(Input records)

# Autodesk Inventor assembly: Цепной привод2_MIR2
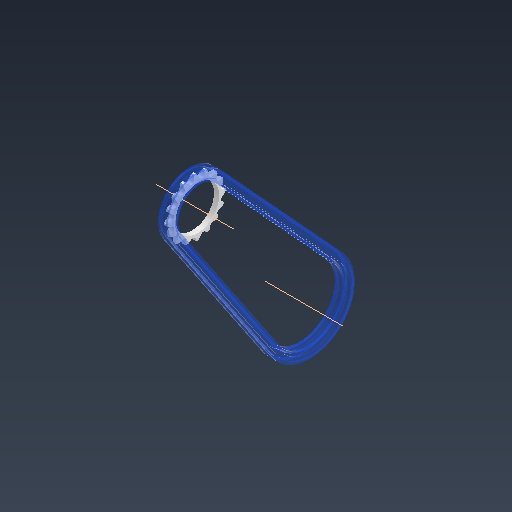
[picture p0: Inventor's stored thumbnail of the model, 512x512]
Saved by Autodesk Inventor 2025 (Build 290162000, 162)
## iProperties
Created: 2024-09-18
Part Number: Цепной привод2_MIR2
Document SubType Name: Assembly
Designer: GameHD
Author: GameHD
## Documents named in this file (4)
- C:\Users\GameHD\Desktop\Phantom 16950\Цепной привод2_MIR2.iam
- C:\Users\GameHD\Desktop\Phantom 16950\Цепь роликовая2_MIR3.ipt
- C:\Users\GameHD\Desktop\Phantom 16950\Звездочка роликовой цепи12_MIR3.ipt
- C:\Users\GameHD\Desktop\Phantom 16950\Звездочка роликовой цепи22_MIR3.ipt
## Components (3 placed, 3 different names)
1. Цепь роликовая2_MIR3:1 — Совмещение:1, Заподлицо:1, Совмещение:4, Совмещение:3, Заподлицо:2
2. Звездочка роликовой цепи12_MIR3:1 — Совмещение:1, Заподлицо:1, ЗубчПер:1
3. Звездочка роликовой цепи22_MIR3:1 — Совмещение:4, Совмещение:3, Заподлицо:2, ЗубчПер:1
## Relationships (6: Mate 3, Flush 2, RelateRotation 1)
- Совмещение:1 [Mate]: Цепь роликовая2_MIR3:1 ↔ Звездочка роликовой цепи12_MIR3:1
- Заподлицо:1 [Flush]: Цепь роликовая2_MIR3:1 ↔ Звездочка роликовой цепи12_MIR3:1
- Совмещение:4 [Mate]: Цепь роликовая2_MIR3:1 ↔ Звездочка роликовой цепи22_MIR3:1
- Совмещение:3 [Mate]: Цепь роликовая2_MIR3:1 ↔ Звездочка роликовой цепи22_MIR3:1
- Заподлицо:2 [Flush]: Цепь роликовая2_MIR3:1 ↔ Звездочка роликовой цепи22_MIR3:1
- ЗубчПер:1 [RelateRotation] (0.6667 ul): Звездочка роликовой цепи12_MIR3:1 ↔ Звездочка роликовой цепи22_MIR3:1
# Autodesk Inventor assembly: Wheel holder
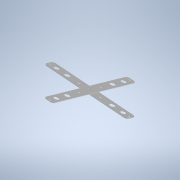
[picture p0: Inventor's stored thumbnail of the model, 180x180]
Saved by Autodesk Inventor 2020 (Build 240168000, 168)
## iProperties
Created: 2022-07-02
Part Number: Wheel holder
Document SubType Name: Assembly
Designer: karimi2
Author: karimi2
## Documents named in this file (2)
- C:\Users\karimi2\Documents\PROJECT\src\Wheel holder.iam
- C:\Users\karimi2\Documents\PROJECT\src\chassisPart1.ipt
## Components (2 placed, 1 different names)
1. chassisPart1:1 — Rigid:1
2. chassisPart1:2 — Rigid:1
## Relationships (1: WeldJoint 1)
- Rigid:1 [WeldJoint]: chassisPart1:1 ↔ chassisPart1:2

(End Input records)

▶ Exercise description
Please repeat every record exactly, leaving the pictures out.

▶ Reply
# Autodesk Inventor assembly: Цепной привод2_MIR2
[picture p0: Inventor's stored thumbnail of the model, 512x512]
Saved by Autodesk Inventor 2025 (Build 290162000, 162)
## iProperties
Created: 2024-09-18
Part Number: Цепной привод2_MIR2
Document SubType Name: Assembly
Designer: GameHD
Author: GameHD
## Documents named in this file (4)
- C:\Users\GameHD\Desktop\Phantom 16950\Цепной привод2_MIR2.iam
- C:\Users\GameHD\Desktop\Phantom 16950\Цепь роликовая2_MIR3.ipt
- C:\Users\GameHD\Desktop\Phantom 16950\Звездочка роликовой цепи12_MIR3.ipt
- C:\Users\GameHD\Desktop\Phantom 16950\Звездочка роликовой цепи22_MIR3.ipt
## Components (3 placed, 3 different names)
1. Цепь роликовая2_MIR3:1 — Совмещение:1, Заподлицо:1, Совмещение:4, Совмещение:3, Заподлицо:2
2. Звездочка роликовой цепи12_MIR3:1 — Совмещение:1, Заподлицо:1, ЗубчПер:1
3. Звездочка роликовой цепи22_MIR3:1 — Совмещение:4, Совмещение:3, Заподлицо:2, ЗубчПер:1
## Relationships (6: Mate 3, Flush 2, RelateRotation 1)
- Совмещение:1 [Mate]: Цепь роликовая2_MIR3:1 ↔ Звездочка роликовой цепи12_MIR3:1
- Заподлицо:1 [Flush]: Цепь роликовая2_MIR3:1 ↔ Звездочка роликовой цепи12_MIR3:1
- Совмещение:4 [Mate]: Цепь роликовая2_MIR3:1 ↔ Звездочка роликовой цепи22_MIR3:1
- Совмещение:3 [Mate]: Цепь роликовая2_MIR3:1 ↔ Звездочка роликовой цепи22_MIR3:1
- Заподлицо:2 [Flush]: Цепь роликовая2_MIR3:1 ↔ Звездочка роликовой цепи22_MIR3:1
- ЗубчПер:1 [RelateRotation] (0.6667 ul): Звездочка роликовой цепи12_MIR3:1 ↔ Звездочка роликовой цепи22_MIR3:1
# Autodesk Inventor assembly: Wheel holder
[picture p0: Inventor's stored thumbnail of the model, 180x180]
Saved by Autodesk Inventor 2020 (Build 240168000, 168)
## iProperties
Created: 2022-07-02
Part Number: Wheel holder
Document SubType Name: Assembly
Designer: karimi2
Author: karimi2
## Documents named in this file (2)
- C:\Users\karimi2\Documents\PROJECT\src\Wheel holder.iam
- C:\Users\karimi2\Documents\PROJECT\src\chassisPart1.ipt
## Components (2 placed, 1 different names)
1. chassisPart1:1 — Rigid:1
2. chassisPart1:2 — Rigid:1
## Relationships (1: WeldJoint 1)
- Rigid:1 [WeldJoint]: chassisPart1:1 ↔ chassisPart1:2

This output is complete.